> _WORK REQUEST_
Scan the material that follows for lines with "radius". Answer with how many there are, nothing else.
_____
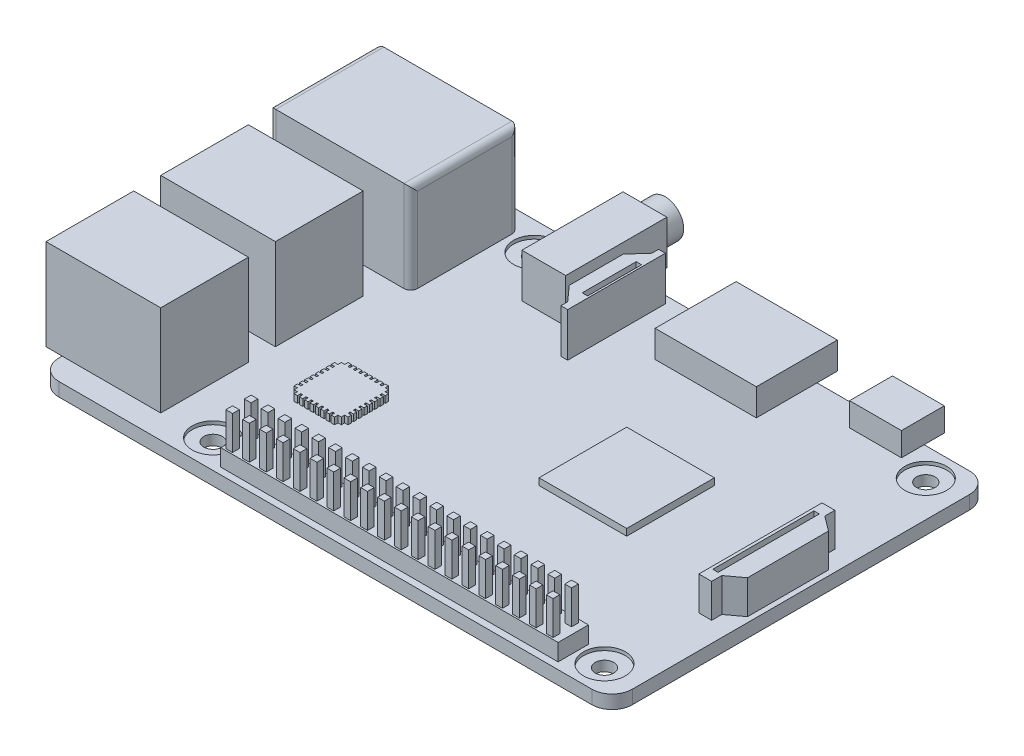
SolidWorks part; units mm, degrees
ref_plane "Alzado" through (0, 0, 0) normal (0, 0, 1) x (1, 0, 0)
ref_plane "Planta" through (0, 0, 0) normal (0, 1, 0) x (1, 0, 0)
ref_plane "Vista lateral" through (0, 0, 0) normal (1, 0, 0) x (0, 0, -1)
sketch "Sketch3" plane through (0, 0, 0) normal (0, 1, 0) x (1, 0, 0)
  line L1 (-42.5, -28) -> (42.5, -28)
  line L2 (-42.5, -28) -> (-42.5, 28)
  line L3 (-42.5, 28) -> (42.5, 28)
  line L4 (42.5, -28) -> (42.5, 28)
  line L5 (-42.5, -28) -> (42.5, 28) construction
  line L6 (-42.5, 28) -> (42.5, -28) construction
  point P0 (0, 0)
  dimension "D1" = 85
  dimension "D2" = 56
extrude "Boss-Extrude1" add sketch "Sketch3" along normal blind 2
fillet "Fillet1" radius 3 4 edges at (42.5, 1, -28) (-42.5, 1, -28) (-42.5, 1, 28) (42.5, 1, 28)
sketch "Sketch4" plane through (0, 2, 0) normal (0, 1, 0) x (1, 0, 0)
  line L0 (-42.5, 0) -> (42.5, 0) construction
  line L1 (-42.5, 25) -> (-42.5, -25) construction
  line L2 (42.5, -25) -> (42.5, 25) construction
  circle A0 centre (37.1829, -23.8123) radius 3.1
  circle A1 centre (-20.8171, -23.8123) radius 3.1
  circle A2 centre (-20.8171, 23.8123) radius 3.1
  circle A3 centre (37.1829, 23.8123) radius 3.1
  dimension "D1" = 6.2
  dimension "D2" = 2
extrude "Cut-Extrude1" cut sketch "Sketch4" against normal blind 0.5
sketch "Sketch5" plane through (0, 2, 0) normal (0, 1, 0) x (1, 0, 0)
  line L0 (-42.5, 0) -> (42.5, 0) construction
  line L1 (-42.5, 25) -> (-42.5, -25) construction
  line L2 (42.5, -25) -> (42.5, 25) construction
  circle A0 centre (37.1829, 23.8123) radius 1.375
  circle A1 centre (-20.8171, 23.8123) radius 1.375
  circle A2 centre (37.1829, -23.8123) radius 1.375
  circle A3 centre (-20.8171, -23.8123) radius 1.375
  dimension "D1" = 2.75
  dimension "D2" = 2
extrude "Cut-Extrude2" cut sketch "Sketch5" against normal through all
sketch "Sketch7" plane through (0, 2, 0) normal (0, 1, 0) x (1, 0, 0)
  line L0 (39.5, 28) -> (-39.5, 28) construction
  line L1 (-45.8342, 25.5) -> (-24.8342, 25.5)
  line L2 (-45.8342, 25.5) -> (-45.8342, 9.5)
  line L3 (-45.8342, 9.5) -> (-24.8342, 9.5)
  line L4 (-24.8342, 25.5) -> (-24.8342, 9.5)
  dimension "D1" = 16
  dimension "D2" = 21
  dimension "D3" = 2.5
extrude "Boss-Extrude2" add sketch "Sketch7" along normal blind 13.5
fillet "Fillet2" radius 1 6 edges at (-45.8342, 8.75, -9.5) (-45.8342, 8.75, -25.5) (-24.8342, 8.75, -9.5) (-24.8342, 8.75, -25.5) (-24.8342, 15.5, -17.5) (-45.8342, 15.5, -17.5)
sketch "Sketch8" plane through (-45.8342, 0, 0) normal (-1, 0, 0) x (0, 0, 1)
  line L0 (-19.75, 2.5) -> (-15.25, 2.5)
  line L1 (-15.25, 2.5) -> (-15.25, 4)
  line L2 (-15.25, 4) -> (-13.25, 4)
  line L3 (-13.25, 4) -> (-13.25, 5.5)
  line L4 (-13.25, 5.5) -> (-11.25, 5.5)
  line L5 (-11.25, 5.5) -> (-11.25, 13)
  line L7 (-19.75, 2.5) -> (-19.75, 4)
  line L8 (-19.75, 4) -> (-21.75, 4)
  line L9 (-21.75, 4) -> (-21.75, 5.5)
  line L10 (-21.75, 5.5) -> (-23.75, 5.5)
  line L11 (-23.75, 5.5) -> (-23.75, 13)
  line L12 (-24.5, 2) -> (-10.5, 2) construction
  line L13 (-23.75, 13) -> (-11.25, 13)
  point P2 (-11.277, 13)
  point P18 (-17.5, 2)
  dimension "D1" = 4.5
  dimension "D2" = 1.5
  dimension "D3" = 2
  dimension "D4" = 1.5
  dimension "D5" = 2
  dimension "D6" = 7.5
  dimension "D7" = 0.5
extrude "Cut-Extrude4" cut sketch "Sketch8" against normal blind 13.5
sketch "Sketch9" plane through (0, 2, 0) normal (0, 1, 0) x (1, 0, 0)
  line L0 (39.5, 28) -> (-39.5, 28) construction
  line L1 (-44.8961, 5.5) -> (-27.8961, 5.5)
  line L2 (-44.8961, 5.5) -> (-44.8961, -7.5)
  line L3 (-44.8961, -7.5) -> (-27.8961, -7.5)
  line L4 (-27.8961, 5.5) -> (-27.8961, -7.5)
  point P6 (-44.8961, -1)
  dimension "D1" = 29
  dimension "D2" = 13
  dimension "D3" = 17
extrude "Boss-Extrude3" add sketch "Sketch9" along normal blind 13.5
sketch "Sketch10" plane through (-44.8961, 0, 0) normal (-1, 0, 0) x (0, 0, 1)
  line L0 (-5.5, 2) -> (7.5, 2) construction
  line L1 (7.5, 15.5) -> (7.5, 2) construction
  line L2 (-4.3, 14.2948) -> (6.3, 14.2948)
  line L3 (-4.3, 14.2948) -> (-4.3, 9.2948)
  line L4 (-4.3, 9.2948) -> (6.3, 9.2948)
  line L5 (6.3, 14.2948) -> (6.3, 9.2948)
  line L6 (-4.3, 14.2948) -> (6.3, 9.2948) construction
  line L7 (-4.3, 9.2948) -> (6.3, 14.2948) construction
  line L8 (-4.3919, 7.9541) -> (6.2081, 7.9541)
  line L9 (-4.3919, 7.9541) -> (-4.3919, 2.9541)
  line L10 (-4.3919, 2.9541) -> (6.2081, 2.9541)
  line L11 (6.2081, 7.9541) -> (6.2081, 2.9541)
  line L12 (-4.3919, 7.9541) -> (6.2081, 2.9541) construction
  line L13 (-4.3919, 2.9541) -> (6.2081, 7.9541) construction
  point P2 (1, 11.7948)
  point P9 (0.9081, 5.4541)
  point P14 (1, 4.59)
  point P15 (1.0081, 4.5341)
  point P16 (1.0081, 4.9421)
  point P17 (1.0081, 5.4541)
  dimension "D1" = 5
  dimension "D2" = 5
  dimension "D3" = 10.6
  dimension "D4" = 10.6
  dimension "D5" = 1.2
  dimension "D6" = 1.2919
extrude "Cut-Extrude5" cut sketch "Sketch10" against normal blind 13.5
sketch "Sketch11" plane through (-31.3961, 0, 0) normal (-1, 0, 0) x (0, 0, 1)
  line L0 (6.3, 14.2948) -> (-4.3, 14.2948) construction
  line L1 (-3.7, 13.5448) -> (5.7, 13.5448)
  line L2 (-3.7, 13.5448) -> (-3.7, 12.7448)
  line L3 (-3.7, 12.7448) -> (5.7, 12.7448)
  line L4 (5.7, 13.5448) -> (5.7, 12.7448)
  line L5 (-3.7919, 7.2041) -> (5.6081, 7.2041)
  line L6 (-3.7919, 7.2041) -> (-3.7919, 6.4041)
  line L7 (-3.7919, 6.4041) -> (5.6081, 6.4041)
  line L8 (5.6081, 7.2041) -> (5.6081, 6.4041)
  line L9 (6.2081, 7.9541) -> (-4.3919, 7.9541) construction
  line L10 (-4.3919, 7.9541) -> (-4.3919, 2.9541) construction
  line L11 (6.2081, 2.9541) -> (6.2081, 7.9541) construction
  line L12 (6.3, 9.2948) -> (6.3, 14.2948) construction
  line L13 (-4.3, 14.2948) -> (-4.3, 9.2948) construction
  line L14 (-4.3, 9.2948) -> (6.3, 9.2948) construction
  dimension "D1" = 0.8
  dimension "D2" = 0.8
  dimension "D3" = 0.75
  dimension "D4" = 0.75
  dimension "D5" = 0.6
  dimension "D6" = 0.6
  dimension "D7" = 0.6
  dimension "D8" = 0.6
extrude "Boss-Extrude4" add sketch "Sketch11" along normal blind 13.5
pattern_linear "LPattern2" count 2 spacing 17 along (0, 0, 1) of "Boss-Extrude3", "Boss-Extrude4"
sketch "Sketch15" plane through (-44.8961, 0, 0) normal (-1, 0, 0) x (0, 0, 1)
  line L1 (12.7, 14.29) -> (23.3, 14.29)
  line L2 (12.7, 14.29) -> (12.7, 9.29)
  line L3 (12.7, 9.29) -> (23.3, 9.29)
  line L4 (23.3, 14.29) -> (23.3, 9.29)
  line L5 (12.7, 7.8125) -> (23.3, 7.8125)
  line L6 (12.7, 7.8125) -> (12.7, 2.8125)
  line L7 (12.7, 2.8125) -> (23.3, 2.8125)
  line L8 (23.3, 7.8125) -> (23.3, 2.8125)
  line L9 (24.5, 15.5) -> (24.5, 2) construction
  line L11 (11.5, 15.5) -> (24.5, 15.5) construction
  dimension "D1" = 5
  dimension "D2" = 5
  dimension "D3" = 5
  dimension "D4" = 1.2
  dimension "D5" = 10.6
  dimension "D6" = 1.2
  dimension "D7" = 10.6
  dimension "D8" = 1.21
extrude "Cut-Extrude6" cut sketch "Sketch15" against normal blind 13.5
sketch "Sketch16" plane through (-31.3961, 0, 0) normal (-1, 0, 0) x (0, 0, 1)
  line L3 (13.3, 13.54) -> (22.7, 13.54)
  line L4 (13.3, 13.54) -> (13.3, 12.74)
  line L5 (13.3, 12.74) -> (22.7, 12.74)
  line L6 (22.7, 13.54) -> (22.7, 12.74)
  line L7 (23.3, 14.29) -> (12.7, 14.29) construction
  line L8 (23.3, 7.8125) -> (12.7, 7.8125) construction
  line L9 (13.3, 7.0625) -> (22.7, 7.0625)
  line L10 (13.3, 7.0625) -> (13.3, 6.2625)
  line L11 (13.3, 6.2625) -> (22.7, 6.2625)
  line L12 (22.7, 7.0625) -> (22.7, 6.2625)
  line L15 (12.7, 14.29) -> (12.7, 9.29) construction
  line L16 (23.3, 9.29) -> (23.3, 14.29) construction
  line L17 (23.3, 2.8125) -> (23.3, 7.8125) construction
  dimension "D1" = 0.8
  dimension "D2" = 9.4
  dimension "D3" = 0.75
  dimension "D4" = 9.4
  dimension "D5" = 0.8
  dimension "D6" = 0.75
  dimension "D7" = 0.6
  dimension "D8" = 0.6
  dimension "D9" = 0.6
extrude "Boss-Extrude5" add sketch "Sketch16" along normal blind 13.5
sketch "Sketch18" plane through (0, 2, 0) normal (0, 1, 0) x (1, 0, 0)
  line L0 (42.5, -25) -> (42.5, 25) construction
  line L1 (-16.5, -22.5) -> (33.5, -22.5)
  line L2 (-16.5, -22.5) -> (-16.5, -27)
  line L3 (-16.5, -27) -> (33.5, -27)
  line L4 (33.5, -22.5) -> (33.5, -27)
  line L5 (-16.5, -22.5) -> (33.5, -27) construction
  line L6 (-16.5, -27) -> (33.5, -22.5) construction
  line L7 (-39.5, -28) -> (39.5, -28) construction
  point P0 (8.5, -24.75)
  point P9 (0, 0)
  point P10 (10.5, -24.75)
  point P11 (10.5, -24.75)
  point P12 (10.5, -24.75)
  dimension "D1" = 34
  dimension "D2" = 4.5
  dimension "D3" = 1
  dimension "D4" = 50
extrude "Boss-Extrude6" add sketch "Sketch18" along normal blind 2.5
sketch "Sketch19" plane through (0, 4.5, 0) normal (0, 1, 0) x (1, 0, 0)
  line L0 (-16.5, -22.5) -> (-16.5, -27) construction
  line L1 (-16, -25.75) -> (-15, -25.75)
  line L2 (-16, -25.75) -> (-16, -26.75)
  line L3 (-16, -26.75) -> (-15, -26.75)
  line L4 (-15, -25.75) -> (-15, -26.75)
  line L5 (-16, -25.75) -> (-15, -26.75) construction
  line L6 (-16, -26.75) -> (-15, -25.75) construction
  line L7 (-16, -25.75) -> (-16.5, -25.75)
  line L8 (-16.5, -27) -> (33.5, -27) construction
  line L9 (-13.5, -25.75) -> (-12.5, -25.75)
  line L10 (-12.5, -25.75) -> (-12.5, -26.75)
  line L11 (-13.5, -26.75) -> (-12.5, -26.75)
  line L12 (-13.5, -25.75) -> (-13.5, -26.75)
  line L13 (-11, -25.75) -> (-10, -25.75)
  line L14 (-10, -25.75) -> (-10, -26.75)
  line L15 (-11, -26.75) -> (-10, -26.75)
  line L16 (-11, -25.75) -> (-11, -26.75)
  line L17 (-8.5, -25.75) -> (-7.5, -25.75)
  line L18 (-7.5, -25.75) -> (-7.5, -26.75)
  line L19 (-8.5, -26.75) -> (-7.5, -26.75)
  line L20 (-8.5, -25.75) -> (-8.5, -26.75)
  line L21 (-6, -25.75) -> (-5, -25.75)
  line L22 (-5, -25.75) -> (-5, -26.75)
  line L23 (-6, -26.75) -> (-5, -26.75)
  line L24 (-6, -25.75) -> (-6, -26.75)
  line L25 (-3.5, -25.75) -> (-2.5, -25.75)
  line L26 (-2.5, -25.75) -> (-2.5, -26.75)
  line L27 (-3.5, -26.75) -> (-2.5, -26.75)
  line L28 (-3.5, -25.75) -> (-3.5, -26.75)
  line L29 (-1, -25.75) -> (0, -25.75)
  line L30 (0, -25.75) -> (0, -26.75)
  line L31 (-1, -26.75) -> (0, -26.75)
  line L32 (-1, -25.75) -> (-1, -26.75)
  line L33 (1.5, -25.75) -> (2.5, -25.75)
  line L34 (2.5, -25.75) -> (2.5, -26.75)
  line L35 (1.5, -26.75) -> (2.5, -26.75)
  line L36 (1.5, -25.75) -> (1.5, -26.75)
_____
> _SOLVED EXERCISE_
10